Zur Zeit ist eine GTX 660 TOP Edition von Asus verbaut.
Mein  Budget liegt bei max. 200€
Die alte Karte soll dann berkauft werden. )

Wäre super wenn ihr mir helfen könntet.

MfG blitzmax


----------



## Herbboy (18. Juni 2014)

Also, für 180-200€ bekommst Du schon eine AMD R9 280. Selbst die AMD R9 270X wäre schon ca 25% schneller als Deine GTX 660. Die 270X ist zwar etwas schwächer also die R9 280, aber dafür kostet die nochmal 20-30€ weniger. Auf Seiten von Nvidia wäre die GTX 760 ca. gleichstark wie die R9 270X, aber die kostet mit einem Preis ab 190€ sogar etwas mehr als eine R9 280 und ist daher nicht zu empfehlen.

Leider kenn ich von der AMD R9 280 keine genauen Tests, aber die größere Schwester, die R9 280X, ist schon wieder 25% schneller als die R9 270X oder GTX 760. Vielleicht liegt die R9 280 nur 10% über der R9 270X oder GTX 760, vlt. aber sogar 20%, aber für 200€ wäre das auf jeden Fall die beste Karte fürs Geld.

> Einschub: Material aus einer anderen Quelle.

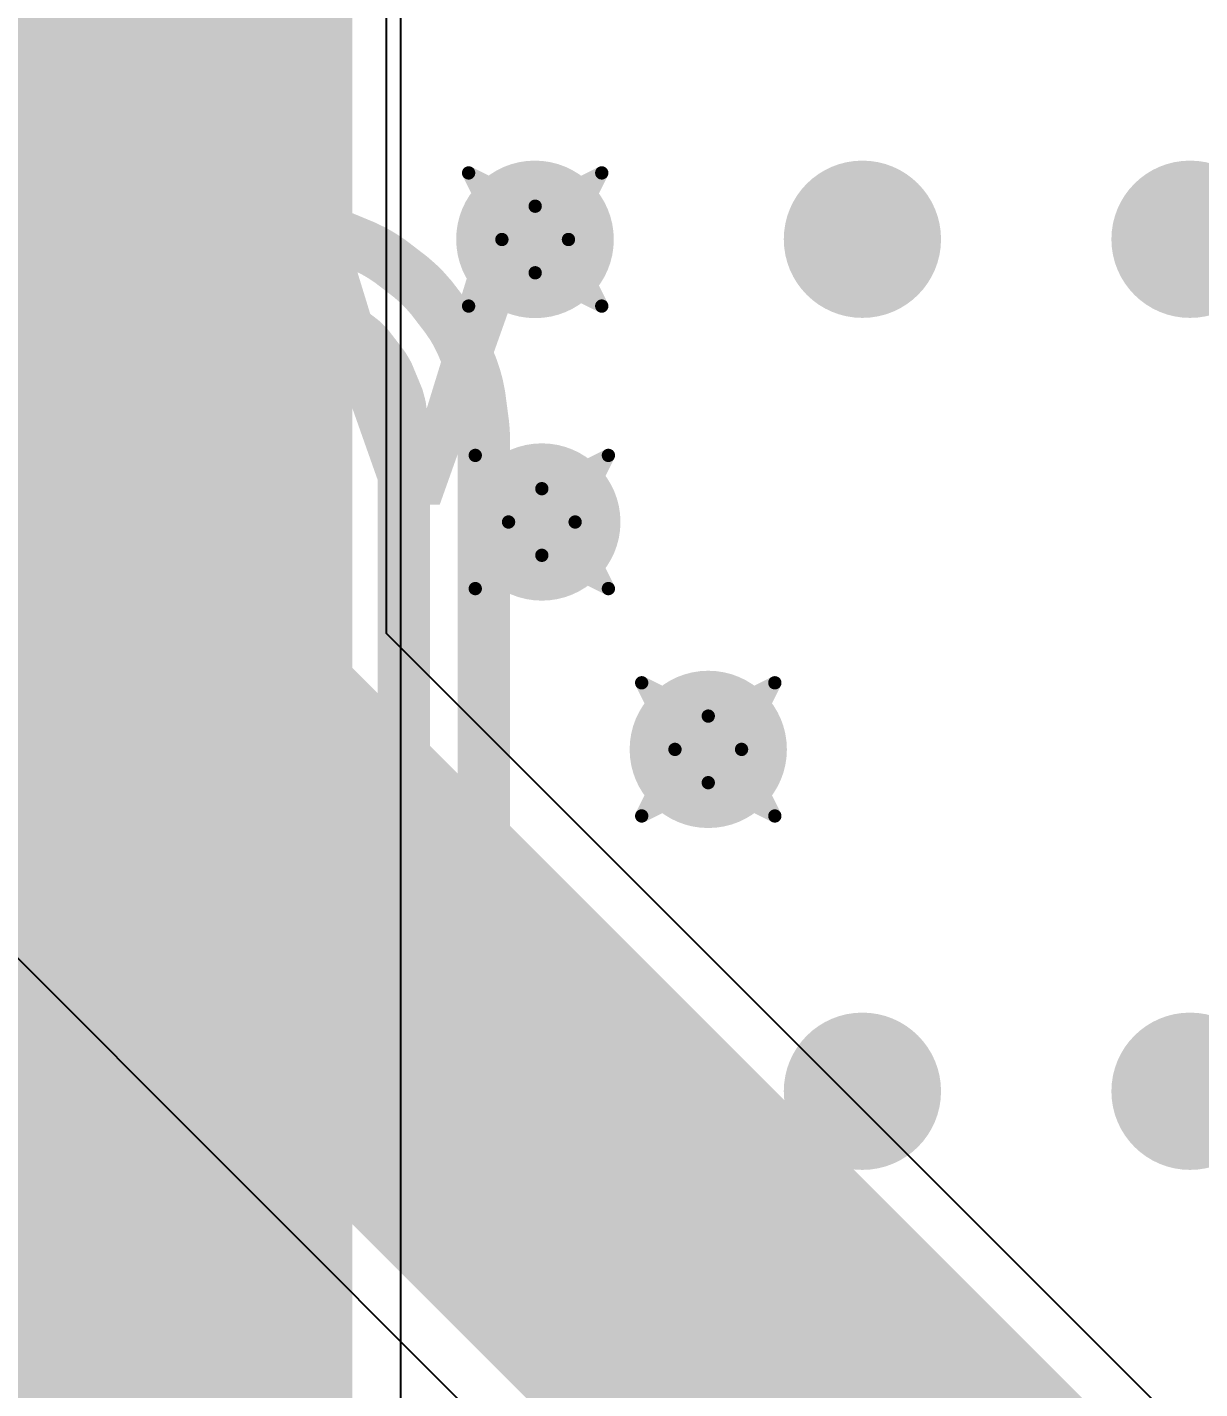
# Model space of a CAD drawing. Header units: inches. Extents: x 0 to 12.4, y -0.6 to 2.2.
# Drawn here: x 0.4957 to 0.6718, y 1.019 to 1.2235 of the extents above; entities that cross this region are included whole.
import ezdxf

# ---------------------------------------------------------------- set-up
doc = ezdxf.new("R2010")
doc.units = ezdxf.units.IN
doc.header["$MEASUREMENT"] = 0
for name, color, linetype in [('Bottom Layer', 5, 'Continuous'), ('Bottom Overlay', 54, 'Continuous'), ('Dimension', 6, 'Continuous'), ('Drill Drawing', 1, 'Continuous'), ('Mechanical 4', 56, 'Continuous'), ('Top Layer', 1, 'Continuous'), ('Top Overlay', 2, 'Continuous'), ('Via Holes', 16, 'Continuous')]:
    doc.layers.add(name, color=color, linetype=linetype)
doc.styles.add('Arial', font='', dxfattribs={"height": 0.2})
doc.styles.add('Arial_Bold', font='', dxfattribs={"height": 0.2})
doc.styles.get('Arial').set_extended_font_data('Arial')
doc.styles.get('Arial_Bold').set_extended_font_data('Arial', bold=True)

msp = doc.modelspace()

# ---------------------------------------------------------------- hatches: boundary and pattern name
at = {"layer": 'Bottom Layer'}
h = msp.add_hatch(color=5, dxfattribs=at)
edge = h.paths.add_edge_path()
edge.add_arc((0.572, 1.1915748), 0.011811, 0, 360)
h = msp.add_hatch(color=5, dxfattribs=at)
edge = h.paths.add_edge_path()
edge.add_arc((0.573, 1.1491496), 0.011811, 0, 360)
h = msp.add_hatch(color=5, dxfattribs=at)
edge = h.paths.add_edge_path()
edge.add_arc((0.598, 1.115), 0.011811, 0, 360)
at = {"layer": 'Dimension'}
h = msp.add_hatch(color=6, dxfattribs=at)
edge = h.paths.add_edge_path()
edge.add_arc((0.5719431, 1.1916108), 0.011811, 0, 360)
h = msp.add_hatch(color=6, dxfattribs=at)
edge = h.paths.add_edge_path()
edge.add_arc((0.6211557, 1.1916108), 0.011811, 0, 360)
h = msp.add_hatch(color=6, dxfattribs=at)
edge = h.paths.add_edge_path()
edge.add_arc((0.6703683, 1.1916108), 0.011811, 0, 360)
h = msp.add_hatch(color=6, dxfattribs=at)
edge = h.paths.add_edge_path()
edge.add_arc((0.5030454, 1.1620832), 0.011811, 0, 360)
h = msp.add_hatch(color=6, dxfattribs=at)
edge = h.paths.add_edge_path()
edge.add_arc((0.532573, 1.1620832), 0.011811, 0, 360)
h = msp.add_hatch(color=6, dxfattribs=at)
edge = h.paths.add_edge_path()
edge.add_arc((0.5030454, 1.1325557), 0.011811, 0, 360)
h = msp.add_hatch(color=6, dxfattribs=at)
edge = h.paths.add_edge_path()
edge.add_arc((0.532573, 1.1325557), 0.011811, 0, 360)
h = msp.add_hatch(color=6, dxfattribs=at)
edge = h.paths.add_edge_path()
edge.add_arc((0.5030454, 1.1030281), 0.011811, 0, 360)
h = msp.add_hatch(color=6, dxfattribs=at)
edge = h.paths.add_edge_path()
edge.add_arc((0.532573, 1.1030281), 0.011811, 0, 360)
h = msp.add_hatch(color=6, dxfattribs=at)
edge = h.paths.add_edge_path()
edge.add_arc((0.5719431, 1.063658), 0.011811, 0, 360)
h = msp.add_hatch(color=6, dxfattribs=at)
edge = h.paths.add_edge_path()
edge.add_arc((0.6211557, 1.063658), 0.011811, 0, 360)
h = msp.add_hatch(color=6, dxfattribs=at)
edge = h.paths.add_edge_path()
edge.add_arc((0.6703683, 1.063658), 0.011811, 0, 360)
at = {"layer": 'Top Layer'}
h = msp.add_hatch(color=1, dxfattribs=at)
edge = h.paths.add_edge_path()
edge.add_arc((0.572, 1.1915748), 0.011811, 0, 360)
h = msp.add_hatch(color=1, dxfattribs=at)
edge = h.paths.add_edge_path()
edge.add_arc((0.573, 1.1491496), 0.011811, 0, 360)
h = msp.add_hatch(color=1, dxfattribs=at)
edge = h.paths.add_edge_path()
edge.add_arc((0.598, 1.115), 0.011811, 0, 360)
at = {"layer": 'Via Holes'}
h = msp.add_hatch(color=7, dxfattribs=at)
edge = h.paths.add_edge_path()
edge.add_arc((0.572, 1.1915748), 0.0059055, 0, 360)
h = msp.add_hatch(color=7, dxfattribs=at)
edge = h.paths.add_edge_path()
edge.add_arc((0.573, 1.1491496), 0.0059055, 0, 360)
h = msp.add_hatch(color=7, dxfattribs=at)
edge = h.paths.add_edge_path()
edge.add_arc((0.598, 1.115), 0.0059055, 0, 360)

# ---------------------------------------------------------------- linework, layer by layer
at = {"layer": 'Bottom Layer'}
msp.add_line((0.5518427, 0.7653764), (0.5518427, 1.3077393), dxfattribs=at)
at = {"layer": 'Bottom Layer', "const_width": 0.0590551}
msp.add_lwpolyline([(0.515, 0.7653764), (0.515, 1.323)], dxfattribs=at)
at = {"layer": 'Dimension', "const_width": 0.007874}
for points in [[(0.4613385, 1.1937958), (0.5322124, 1.1937958)], [(0.5322124, 1.1937958), (0.5322531, 1.1937958)], [(0.5322531, 1.1937958), (0.5322922, 1.1937946)], [(0.5322922, 1.1937946), (0.5322933, 1.1937945)], [(0.5322933, 1.1937945), (0.5330014, 1.1937713)], [(0.5330014, 1.1937713), (0.5330398, 1.1937701)], [(0.5330398, 1.1937701), (0.5330781, 1.1937676)], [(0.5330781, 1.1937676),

zB Caseking.de   oder 61782 - 3072MB Sapphire Radeon R9 280 Dual-X OC Aktiv PCIe 3.0 oder MSI R9 280 GAMING 3G, Grafikkarte Retail 

Du müsstest nur vorsichthaber nachsehen: wieviel Platz ist vom Ende Deiner GTX 660 nach vorne? Also: wieviel Länger dürfte eine Grafikkarte sein, bevor sie vorne beim Gehäuse mit dem Festplattenbereich in Konflikt käme? bzw. kennst Du das Gehäusemodell, das du benutzt?


----------



## blitzmax (18. Juni 2014)

Alles klar, die R9 270X hatte ich auch im Blick 
Ehm ich hab ein Zalman Z9 Gehäuse 
Da ist eigentlich genügend Platz nach vorn. 
Mein Netzteil reicht für die R9 270X aus, dass habe ich bei be quiet schon nachgeschaut 

Danke nochmal


----------



## Herbboy (18. Juni 2014)

Wenn Du 200€ ausgeben kannst, würd ich aber schon über R9 280 nachdenken.  Und beim Zalman Z9: ich hab da was von "Grafikkarten bis 29cm" gefunden, da muss man bei MANCHEN Modellen aufpassen. Aber ich glaub selbst die R9 280 sind an sich maximal 28cm lang, die Sapphire und die MSI sind zB knappe 27cm lang


----------



## blitzmax (18. Juni 2014)

Ja, ich weiß schon, von der Größe her mein ich.
Okay, danke für deinw Hilfe


----------



## svd (19. Juni 2014)

Ich sehe die GTX660 und die R9 270X in der gleichen Leistungsklasse. Meiner Meinung nach wäre es demnach kein Up- sondern höchstens Sidegrade, 
zumal du mit der Top auch ein ziemlich schnelles Modell hast.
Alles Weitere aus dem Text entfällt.